[PROBLEM DETAILS]: Here is the task for the records below: repeat exactly the lines from the one with "#168=VECTOR('',#167,1.);" to the one with "#188=CARTESIAN_POINT('',(75.,6.34999999999999,0.));", both included, and nothing else.

[EXERCISE MATERIALS]:
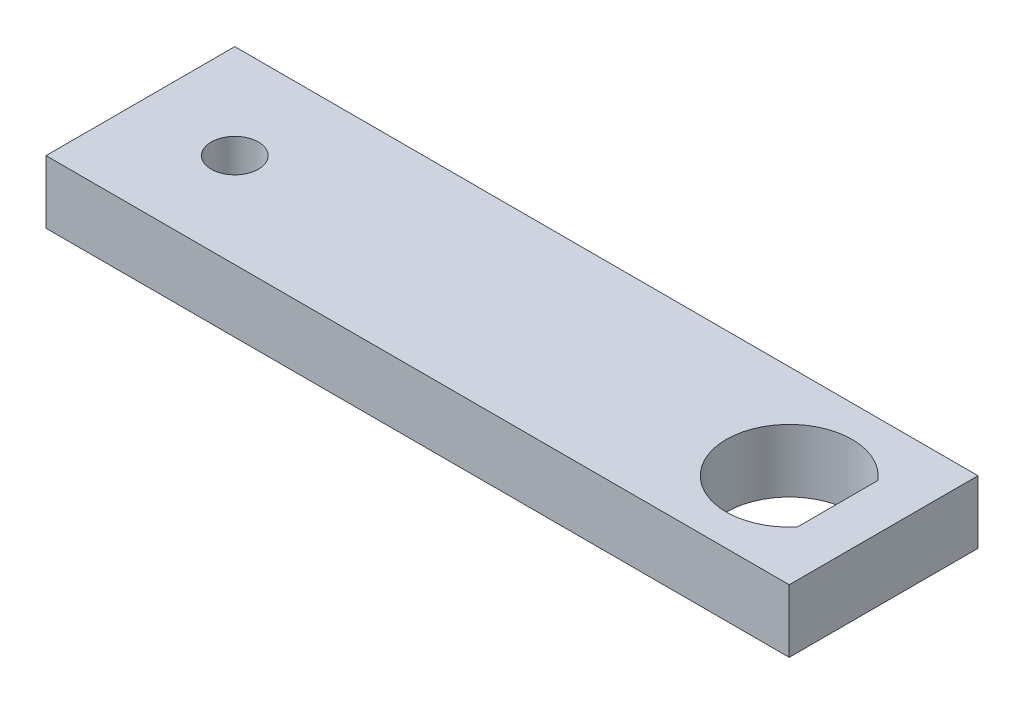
ISO-10303-21;
HEADER;
FILE_DESCRIPTION(('STEP AP214'),'2;1');
FILE_NAME('part.step','',(''),(''),'','','');
FILE_SCHEMA(('AUTOMOTIVE_DESIGN { 1 0 10303 214 1 1 1 1 }'));
ENDSEC;
DATA;
#1=APPLICATION_CONTEXT('core data for automotive mechanical design processes');
#2=APPLICATION_PROTOCOL_DEFINITION('international standard','automotive_design',2000,#1);
#3=PRODUCT_CONTEXT('',#1,'mechanical');
#4=PRODUCT('Part','Part','',(#3));
#5=PRODUCT_RELATED_PRODUCT_CATEGORY('part','',(#4));
#6=PRODUCT_DEFINITION_FORMATION('','',#4);
#7=PRODUCT_DEFINITION_CONTEXT('part definition',#1,'design');
#8=PRODUCT_DEFINITION('design','',#6,#7);
#9=PRODUCT_DEFINITION_SHAPE('','',#8);
#10=(LENGTH_UNIT() NAMED_UNIT(*) SI_UNIT(.MILLI.,.METRE.));
#11=(NAMED_UNIT(*) PLANE_ANGLE_UNIT() SI_UNIT($,.RADIAN.));
#12=(NAMED_UNIT(*) SI_UNIT($,.STERADIAN.) SOLID_ANGLE_UNIT());
#13=UNCERTAINTY_MEASURE_WITH_UNIT(LENGTH_MEASURE(1.E-05),#10,'distance_accuracy_value','');
#14=(GEOMETRIC_REPRESENTATION_CONTEXT(3) GLOBAL_UNCERTAINTY_ASSIGNED_CONTEXT((#13)) GLOBAL_UNIT_ASSIGNED_CONTEXT((#10,
#11,#12)) REPRESENTATION_CONTEXT('',''));
#15=CARTESIAN_POINT('',(0.,0.,0.));
#16=DIRECTION('',(0.,0.,1.));
#17=DIRECTION('',(1.,0.,0.));
#18=AXIS2_PLACEMENT_3D('',#15,#16,#17);
#19=CARTESIAN_POINT('',(0.,0.,19.05));
#20=DIRECTION('',(-1.,0.,0.));
#21=DIRECTION('',(0.,0.,1.));
#22=AXIS2_PLACEMENT_3D('',#19,#20,#21);
#23=PLANE('',#22);
#24=DIRECTION('',(0.,1.,0.));
#25=VECTOR('',#24,1.);
#26=CARTESIAN_POINT('',(0.,0.,0.));
#27=LINE('',#26,#25);
#28=CARTESIAN_POINT('',(0.,0.,0.));
#29=VERTEX_POINT('',#28);
#30=CARTESIAN_POINT('',(0.,6.35000000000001,0.));
#31=VERTEX_POINT('',#30);
#32=EDGE_CURVE('E111',#29,#31,#27,.T.);
#33=ORIENTED_EDGE('',*,*,#32,.F.);
#34=DIRECTION('',(0.,0.,-1.));
#35=VECTOR('',#34,1.);
#36=CARTESIAN_POINT('',(0.,0.,19.05));
#37=LINE('',#36,#35);
#38=CARTESIAN_POINT('',(0.,0.,19.05));
#39=VERTEX_POINT('',#38);
#40=EDGE_CURVE('E11',#39,#29,#37,.T.);
#41=ORIENTED_EDGE('',*,*,#40,.F.);
#42=DIRECTION('',(0.,1.,0.));
#43=VECTOR('',#42,1.);
#44=CARTESIAN_POINT('',(0.,0.,19.05));
#45=LINE('',#44,#43);
#46=CARTESIAN_POINT('',(0.,6.35000000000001,19.05));
#47=VERTEX_POINT('',#46);
#48=EDGE_CURVE('E117',#39,#47,#45,.T.);
#49=ORIENTED_EDGE('',*,*,#48,.T.);
#50=DIRECTION('',(0.,0.,-1.));
#51=VECTOR('',#50,1.);
#52=CARTESIAN_POINT('',(0.,6.35000000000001,19.05));
#53=LINE('',#52,#51);
#54=EDGE_CURVE('E42',#47,#31,#53,.T.);
#55=ORIENTED_EDGE('',*,*,#54,.T.);
#56=EDGE_LOOP('',(#33,#41,#49,#55));
#57=FACE_BOUND('',#56,.T.);
#58=ADVANCED_FACE('F41',(#57),#23,.T.);
#59=CARTESIAN_POINT('',(0.,0.,19.05));
#60=DIRECTION('',(0.,1.,0.));
#61=DIRECTION('',(0.,0.,1.));
#62=AXIS2_PLACEMENT_3D('',#59,#60,#61);
#63=PLANE('',#62);
#64=CARTESIAN_POINT('',(9.525,0.,9.525));
#65=DIRECTION('',(0.,1.,0.));
#66=DIRECTION('',(-1.,0.,0.));
#67=AXIS2_PLACEMENT_3D('',#64,#65,#66);
#68=CIRCLE('',#67,2.38125);
#69=CARTESIAN_POINT('',(7.14375,0.,9.525));
#70=VERTEX_POINT('',#69);
#71=EDGE_CURVE('E115',#70,#70,#68,.T.);
#72=ORIENTED_EDGE('',*,*,#71,.T.);
#73=EDGE_LOOP('',(#72));
#74=FACE_BOUND('',#73,.T.);
#75=DIRECTION('',(0.,0.,1.));
#76=VECTOR('',#75,1.);
#77=CARTESIAN_POINT('',(70.3645,0.,5.47342132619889));
#78=LINE('',#77,#76);
#79=CARTESIAN_POINT('',(70.3645,0.,5.47342132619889));
#80=VERTEX_POINT('',#79);
#81=CARTESIAN_POINT('',(70.3645,0.,13.5765786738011));
#82=VERTEX_POINT('',#81);
#83=EDGE_CURVE('E91',#80,#82,#78,.T.);
#84=ORIENTED_EDGE('',*,*,#83,.F.);
#85=CARTESIAN_POINT('',(65.475,0.,9.525));
#86=DIRECTION('',(0.,1.,0.));
#87=DIRECTION('',(-1.,0.,0.));
#88=AXIS2_PLACEMENT_3D('',#85,#86,#87);
#89=CIRCLE('',#88,6.35);
#90=EDGE_CURVE('E60',#80,#82,#89,.T.);
#91=ORIENTED_EDGE('',*,*,#90,.T.);
#92=EDGE_LOOP('',(#84,#91));
#93=FACE_BOUND('',#92,.T.);
#94=DIRECTION('',(1.,0.,0.));
#95=VECTOR('',#94,1.);
#96=CARTESIAN_POINT('',(0.,0.,0.));
#97=LINE('',#96,#95);
#98=CARTESIAN_POINT('',(75.,0.,0.));
#99=VERTEX_POINT('',#98);
#100=EDGE_CURVE('E116',#29,#99,#97,.T.);
#101=ORIENTED_EDGE('',*,*,#100,.T.);
#102=DIRECTION('',(0.,0.,-1.));
#103=VECTOR('',#102,1.);
#104=CARTESIAN_POINT('',(75.,0.,19.05));
#105=LINE('',#104,#103);
#106=CARTESIAN_POINT('',(75.,0.,19.05));
#107=VERTEX_POINT('',#106);
#108=EDGE_CURVE('E47',#107,#99,#105,.T.);
#109=ORIENTED_EDGE('',*,*,#108,.F.);
#110=DIRECTION('',(1.,0.,0.));
#111=VECTOR('',#110,1.);
#112=CARTESIAN_POINT('',(0.,0.,19.05));
#113=LINE('',#112,#111);
#114=EDGE_CURVE('E124',#39,#107,#113,.T.);
#115=ORIENTED_EDGE('',*,*,#114,.F.);
#116=ORIENTED_EDGE('',*,*,#40,.T.);
#117=EDGE_LOOP('',(#101,#109,#115,#116));
#118=FACE_BOUND('',#117,.T.);
#119=ADVANCED_FACE('F103',(#74,#93,#118),#63,.F.);
#120=CARTESIAN_POINT('',(75.,6.34999999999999,19.05));
#121=DIRECTION('',(1.,0.,0.));
#122=DIRECTION('',(0.,0.,-1.));
#123=AXIS2_PLACEMENT_3D('',#120,#121,#122);
#124=PLANE('',#123);
#125=DIRECTION('',(0.,-1.,0.));
#126=VECTOR('',#125,1.);
#127=CARTESIAN_POINT('',(75.,6.34999999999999,0.));
#128=LINE('',#127,#126);
#129=CARTESIAN_POINT('',(75.,6.34999999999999,0.));
#130=VERTEX_POINT('',#129);
#131=EDGE_CURVE('E134',#130,#99,#128,.T.);
#132=ORIENTED_EDGE('',*,*,#131,.F.);
#133=DIRECTION('',(0.,0.,-1.));
#134=VECTOR('',#133,1.);
#135=CARTESIAN_POINT('',(75.,6.34999999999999,19.05));
#136=LINE('',#135,#134);
#137=CARTESIAN_POINT('',(75.,6.34999999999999,19.05));
#138=VERTEX_POINT('',#137);
#139=EDGE_CURVE('E140',#138,#130,#136,.T.);
#140=ORIENTED_EDGE('',*,*,#139,.F.);
#141=DIRECTION('',(0.,-1.,0.));
#142=VECTOR('',#141,1.);
#143=CARTESIAN_POINT('',(75.,6.34999999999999,19.05));
#144=LINE('',#143,#142);
#145=EDGE_CURVE('E125',#138,#107,#144,.T.);
#146=ORIENTED_EDGE('',*,*,#145,.T.);
#147=ORIENTED_EDGE('',*,*,#108,.T.);
#148=EDGE_LOOP('',(#132,#140,#146,#147));
#149=FACE_BOUND('',#148,.T.);
#150=ADVANCED_FACE('F160',(#149),#124,.T.);
#151=CARTESIAN_POINT('',(75.,6.34999999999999,19.05));
#152=DIRECTION('',(0.,-1.,0.));
#153=DIRECTION('',(1.,0.,0.));
#154=AXIS2_PLACEMENT_3D('',#151,#152,#153);
#155=PLANE('',#154);
#156=CARTESIAN_POINT('',(9.525,6.35000000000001,9.525));
#157=DIRECTION('',(0.,1.,0.));
#158=DIRECTION('',(-1.,0.,0.));
#159=AXIS2_PLACEMENT_3D('',#156,#157,#158);
#160=CIRCLE('',#159,2.38125);
#161=CARTESIAN_POINT('',(7.14375,6.35000000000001,9.525));
#162=VERTEX_POINT('',#161);
#163=EDGE_CURVE('E108',#162,#162,#160,.T.);
#164=ORIENTED_EDGE('',*,*,#163,.F.);
#165=EDGE_LOOP('',(#164));
#166=FACE_BOUND('',#165,.T.);
#167=DIRECTION('',(0.,0.,1.));
#168=VECTOR('',#167,1.);
#169=CARTESIAN_POINT('',(70.3645,6.35,5.47342132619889));
#170=LINE('',#169,#168);
#171=CARTESIAN_POINT('',(70.3645,6.35,5.47342132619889));
#172=VERTEX_POINT('',#171);
#173=CARTESIAN_POINT('',(70.3645,6.35,13.5765786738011));
#174=VERTEX_POINT('',#173);
#175=EDGE_CURVE('E104',#172,#174,#170,.T.);
#176=ORIENTED_EDGE('',*,*,#175,.T.);
#177=CARTESIAN_POINT('',(65.475,6.35000000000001,9.525));
#178=DIRECTION('',(0.,1.,0.));
#179=DIRECTION('',(-1.,0.,0.));
#180=AXIS2_PLACEMENT_3D('',#177,#178,#179);
#181=CIRCLE('',#180,6.35);
#182=EDGE_CURVE('E65',#172,#174,#181,.T.);
#183=ORIENTED_EDGE('',*,*,#182,.F.);
#184=EDGE_LOOP('',(#176,#183));
#185=FACE_BOUND('',#184,.T.);
#186=DIRECTION('',(-1.,0.,0.));
#187=VECTOR('',#186,1.);
#188=CARTESIAN_POINT('',(75.,6.34999999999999,0.));
#189=LINE('',#188,#187);
#190=EDGE_CURVE('E129',#130,#31,#189,.T.);
#191=ORIENTED_EDGE('',*,*,#190,.T.);
#192=ORIENTED_EDGE('',*,*,#54,.F.);
#193=DIRECTION('',(-1.,0.,0.));
#194=VECTOR('',#193,1.);
#195=CARTESIAN_POINT('',(75.,6.34999999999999,19.05));
#196=LINE('',#195,#194);
#197=EDGE_CURVE('E119',#138,#47,#196,.T.);
#198=ORIENTED_EDGE('',*,*,#197,.F.);
#199=ORIENTED_EDGE('',*,*,#139,.T.);
#200=EDGE_LOOP('',(#191,#192,#198,#199));
#201=FACE_BOUND('',#200,.T.);
#202=ADVANCED_FACE('F148',(#166,#185,#201),#155,.F.);
#203=CARTESIAN_POINT('',(0.,0.,19.05));
#204=DIRECTION('',(0.,0.,-1.));
#205=DIRECTION('',(-1.,0.,0.));
#206=AXIS2_PLACEMENT_3D('',#203,#204,#205);
#207=PLANE('',#206);
#208=ORIENTED_EDGE('',*,*,#48,.F.);
#209=ORIENTED_EDGE('',*,*,#114,.T.);
#210=ORIENTED_EDGE('',*,*,#145,.F.);
#211=ORIENTED_EDGE('',*,*,#197,.T.);
#212=EDGE_LOOP('',(#208,#209,#210,#211));
#213=FACE_BOUND('',#212,.T.);
#214=ADVANCED_FACE('F154',(#213),#207,.F.);
#215=CARTESIAN_POINT('',(0.,0.,0.));
#216=DIRECTION('',(0.,0.,-1.));
#217=DIRECTION('',(-1.,0.,0.));
#218=AXIS2_PLACEMENT_3D('',#215,#216,#217);
#219=PLANE('',#218);
#220=ORIENTED_EDGE('',*,*,#32,.T.);
#221=ORIENTED_EDGE('',*,*,#190,.F.);
#222=ORIENTED_EDGE('',*,*,#131,.T.);
#223=ORIENTED_EDGE('',*,*,#100,.F.);
#224=EDGE_LOOP('',(#220,#221,#222,#223));
#225=FACE_BOUND('',#224,.T.);
#226=ADVANCED_FACE('F147',(#225),#219,.T.);
#227=CARTESIAN_POINT('',(65.475,0.,9.525));
#228=DIRECTION('',(0.,1.,0.));
#229=DIRECTION('',(-1.,0.,0.));
#230=AXIS2_PLACEMENT_3D('',#227,#228,#229);
#231=CYLINDRICAL_SURFACE('',#230,6.35);
#232=ORIENTED_EDGE('',*,*,#182,.T.);
#233=DIRECTION('',(0.,1.,0.));
#234=VECTOR('',#233,1.);
#235=CARTESIAN_POINT('',(70.3645,0.,13.5765786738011));
#236=LINE('',#235,#234);
#237=EDGE_CURVE('E96',#82,#174,#236,.T.);
#238=ORIENTED_EDGE('',*,*,#237,.F.);
#239=ORIENTED_EDGE('',*,*,#90,.F.);
#240=DIRECTION('',(0.,1.,0.));
#241=VECTOR('',#240,1.);
#242=CARTESIAN_POINT('',(70.3645,0.,5.47342132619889));
#243=LINE('',#242,#241);
#244=EDGE_CURVE('E98',#80,#172,#243,.T.);
#245=ORIENTED_EDGE('',*,*,#244,.T.);
#246=EDGE_LOOP('',(#232,#238,#239,#245));
#247=FACE_BOUND('',#246,.T.);
#248=ADVANCED_FACE('F101',(#247),#231,.F.);
#249=CARTESIAN_POINT('',(70.3645,0.,5.47342132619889));
#250=DIRECTION('',(-1.,0.,0.));
#251=DIRECTION('',(0.,-1.,0.));
#252=AXIS2_PLACEMENT_3D('',#249,#250,#251);
#253=PLANE('',#252);
#254=ORIENTED_EDGE('',*,*,#175,.F.);
#255=ORIENTED_EDGE('',*,*,#244,.F.);
#256=ORIENTED_EDGE('',*,*,#83,.T.);
#257=ORIENTED_EDGE('',*,*,#237,.T.);
#258=EDGE_LOOP('',(#254,#255,#256,#257));
#259=FACE_BOUND('',#258,.T.);
#260=ADVANCED_FACE('F92',(#259),#253,.T.);
#261=CARTESIAN_POINT('',(9.525,0.,9.525));
#262=DIRECTION('',(0.,1.,0.));
#263=DIRECTION('',(-1.,0.,0.));
#264=AXIS2_PLACEMENT_3D('',#261,#262,#263);
#265=CYLINDRICAL_SURFACE('',#264,2.38125);
#266=CARTESIAN_POINT('',(7.14375,0.,9.525));
#267=CARTESIAN_POINT('',(7.14375,0.0661458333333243,9.525));
#268=CARTESIAN_POINT('',(7.14375,0.132291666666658,9.525));
#269=CARTESIAN_POINT('',(7.14375,0.264583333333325,9.525));
#270=CARTESIAN_POINT('',(7.14375,0.330729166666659,9.525));
#271=CARTESIAN_POINT('',(7.14375,0.463020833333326,9.525));
#272=CARTESIAN_POINT('',(7.14375,0.529166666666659,9.525));
#273=CARTESIAN_POINT('',(7.14375,0.661458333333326,9.525));
#274=CARTESIAN_POINT('',(7.14375,0.72760416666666,9.525));
#275=CARTESIAN_POINT('',(7.14375,0.859895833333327,9.525));
#276=CARTESIAN_POINT('',(7.14375,0.926041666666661,9.525));
#277=CARTESIAN_POINT('',(7.14375,1.05833333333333,9.525));
#278=CARTESIAN_POINT('',(7.14375,1.12447916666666,9.525));
#279=CARTESIAN_POINT('',(7.14375,1.25677083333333,9.525));
#280=CARTESIAN_POINT('',(7.14375,1.32291666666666,9.525));
#281=CARTESIAN_POINT('',(7.14375,1.45520833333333,9.525));
#282=CARTESIAN_POINT('',(7.14375,1.52135416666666,9.525));
#283=CARTESIAN_POINT('',(7.14375,1.65364583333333,9.525));
#284=CARTESIAN_POINT('',(7.14375,1.71979166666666,9.525));
#285=CARTESIAN_POINT('',(7.14375,1.85208333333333,9.525));
#286=CARTESIAN_POINT('',(7.14375,1.91822916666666,9.525));
#287=CARTESIAN_POINT('',(7.14375,2.05052083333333,9.525));
#288=CARTESIAN_POINT('',(7.14375,2.11666666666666,9.525));
#289=CARTESIAN_POINT('',(7.14375,2.24895833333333,9.525));
#290=CARTESIAN_POINT('',(7.14375,2.31510416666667,9.525));
#291=CARTESIAN_POINT('',(7.14375,2.44739583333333,9.525));
#292=CARTESIAN_POINT('',(7.14375,2.51354166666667,9.525));
#293=CARTESIAN_POINT('',(7.14375,2.64583333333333,9.525));
#294=CARTESIAN_POINT('',(7.14375,2.71197916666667,9.525));
#295=CARTESIAN_POINT('',(7.14375,2.84427083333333,9.525));
#296=CARTESIAN_POINT('',(7.14375,2.91041666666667,9.525));
#297=CARTESIAN_POINT('',(7.14375,3.04270833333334,9.525));
#298=CARTESIAN_POINT('',(7.14375,3.10885416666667,9.525));
#299=CARTESIAN_POINT('',(7.14375,3.24114583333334,9.525));
#300=CARTESIAN_POINT('',(7.14375,3.30729166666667,9.525));
#301=CARTESIAN_POINT('',(7.14375,3.43958333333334,9.525));
#302=CARTESIAN_POINT('',(7.14375,3.50572916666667,9.525));
#303=CARTESIAN_POINT('',(7.14375,3.63802083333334,9.525));
#304=CARTESIAN_POINT('',(7.14375,3.70416666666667,9.525));
#305=CARTESIAN_POINT('',(7.14375,3.83645833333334,9.525));
#306=CARTESIAN_POINT('',(7.14375,3.90260416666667,9.525));
#307=CARTESIAN_POINT('',(7.14375,4.03489583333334,9.525));
#308=CARTESIAN_POINT('',(7.14375,4.10104166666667,9.525));
#309=CARTESIAN_POINT('',(7.14375,4.23333333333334,9.525));
#310=CARTESIAN_POINT('',(7.14375,4.29947916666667,9.525));
#311=CARTESIAN_POINT('',(7.14375,4.43177083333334,9.525));
#312=CARTESIAN_POINT('',(7.14375,4.49791666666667,9.525));
#313=CARTESIAN_POINT('',(7.14375,4.63020833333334,9.525));
#314=CARTESIAN_POINT('',(7.14375,4.69635416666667,9.525));
#315=CARTESIAN_POINT('',(7.14375,4.82864583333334,9.525));
#316=CARTESIAN_POINT('',(7.14375,4.89479166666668,9.525));
#317=CARTESIAN_POINT('',(7.14375,5.02708333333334,9.525));
#318=CARTESIAN_POINT('',(7.14375,5.09322916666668,9.525));
#319=CARTESIAN_POINT('',(7.14375,5.22552083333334,9.525));
#320=CARTESIAN_POINT('',(7.14375,5.29166666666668,9.525));
#321=CARTESIAN_POINT('',(7.14375,5.42395833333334,9.525));
#322=CARTESIAN_POINT('',(7.14375,5.49010416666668,9.525));
#323=CARTESIAN_POINT('',(7.14375,5.62239583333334,9.525));
#324=CARTESIAN_POINT('',(7.14375,5.68854166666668,9.525));
#325=CARTESIAN_POINT('',(7.14375,5.82083333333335,9.525));
#326=CARTESIAN_POINT('',(7.14375,5.88697916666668,9.525));
#327=CARTESIAN_POINT('',(7.14375,6.01927083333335,9.525));
#328=CARTESIAN_POINT('',(7.14375,6.08541666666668,9.525));
#329=CARTESIAN_POINT('',(7.14375,6.21770833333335,9.525));
#330=CARTESIAN_POINT('',(7.14375,6.28385416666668,9.525));
#331=CARTESIAN_POINT('',(7.14375,6.35000000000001,9.525));
#332=B_SPLINE_CURVE_WITH_KNOTS('',3,(#266,#267,#268,#269,#270,#271,#272,#273,#274,#275,#276,
#277,#278,#279,#280,#281,#282,#283,#284,#285,#286,#287,#288,#289,#290,#291,#292,#293,#294,#295,
#296,#297,#298,#299,#300,#301,#302,#303,#304,#305,#306,#307,#308,#309,#310,#311,#312,#313,#314,
#315,#316,#317,#318,#319,#320,#321,#322,#323,#324,#325,#326,#327,#328,#329,#330,#331),
.UNSPECIFIED.,.F.,.F.,(4,2,2,2,2,2,2,2,2,2,2,2,2,2,2,2,2,2,2,2,2,2,2,2,2,2,2,2,2,2,2,2,4),(0.,
0.198437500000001,0.396875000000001,0.595312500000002,0.793750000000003,0.992187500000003,
1.190625,1.38906250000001,1.58750000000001,1.78593750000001,1.98437500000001,2.18281250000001,
2.38125000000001,2.57968750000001,2.77812500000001,2.97656250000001,3.17500000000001,
3.37343750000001,3.57187500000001,3.77031250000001,3.96875000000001,4.16718750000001,
4.36562500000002,4.56406250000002,4.76250000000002,4.96093750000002,5.15937500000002,
5.35781250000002,5.55625000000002,5.75468750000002,5.95312500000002,6.15156250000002,
6.35000000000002),.UNSPECIFIED.);
#333=EDGE_CURVE('BSEAM201',#70,#162,#332,.T.);
#334=ORIENTED_EDGE('',*,*,#71,.F.);
#335=ORIENTED_EDGE('',*,*,#163,.T.);
#336=ORIENTED_EDGE('',*,*,#333,.T.);
#337=ORIENTED_EDGE('',*,*,#333,.F.);
#338=EDGE_LOOP('',(#334,#336,#335,#337));
#339=FACE_BOUND('',#338,.T.);
#340=ADVANCED_FACE('F201',(#339),#265,.F.);
#341=CLOSED_SHELL('',(#58,#119,#150,#202,#214,#226,#248,#260,#340));
#342=MANIFOLD_SOLID_BREP('B2',#341);
#343=ADVANCED_BREP_SHAPE_REPRESENTATION('',(#18,#342),#14);
#344=SHAPE_DEFINITION_REPRESENTATION(#9,#343);
ENDSEC;
END-ISO-10303-21;

[REPLY]:
#168=VECTOR('',#167,1.);
#169=CARTESIAN_POINT('',(70.3645,6.35,5.47342132619889));
#170=LINE('',#169,#168);
#171=CARTESIAN_POINT('',(70.3645,6.35,5.47342132619889));
#172=VERTEX_POINT('',#171);
#173=CARTESIAN_POINT('',(70.3645,6.35,13.5765786738011));
#174=VERTEX_POINT('',#173);
#175=EDGE_CURVE('E104',#172,#174,#170,.T.);
#176=ORIENTED_EDGE('',*,*,#175,.T.);
#177=CARTESIAN_POINT('',(65.475,6.35000000000001,9.525));
#178=DIRECTION('',(0.,1.,0.));
#179=DIRECTION('',(-1.,0.,0.));
#180=AXIS2_PLACEMENT_3D('',#177,#178,#179);
#181=CIRCLE('',#180,6.35);
#182=EDGE_CURVE('E65',#172,#174,#181,.T.);
#183=ORIENTED_EDGE('',*,*,#182,.F.);
#184=EDGE_LOOP('',(#176,#183));
#185=FACE_BOUND('',#184,.T.);
#186=DIRECTION('',(-1.,0.,0.));
#187=VECTOR('',#186,1.);
#188=CARTESIAN_POINT('',(75.,6.34999999999999,0.));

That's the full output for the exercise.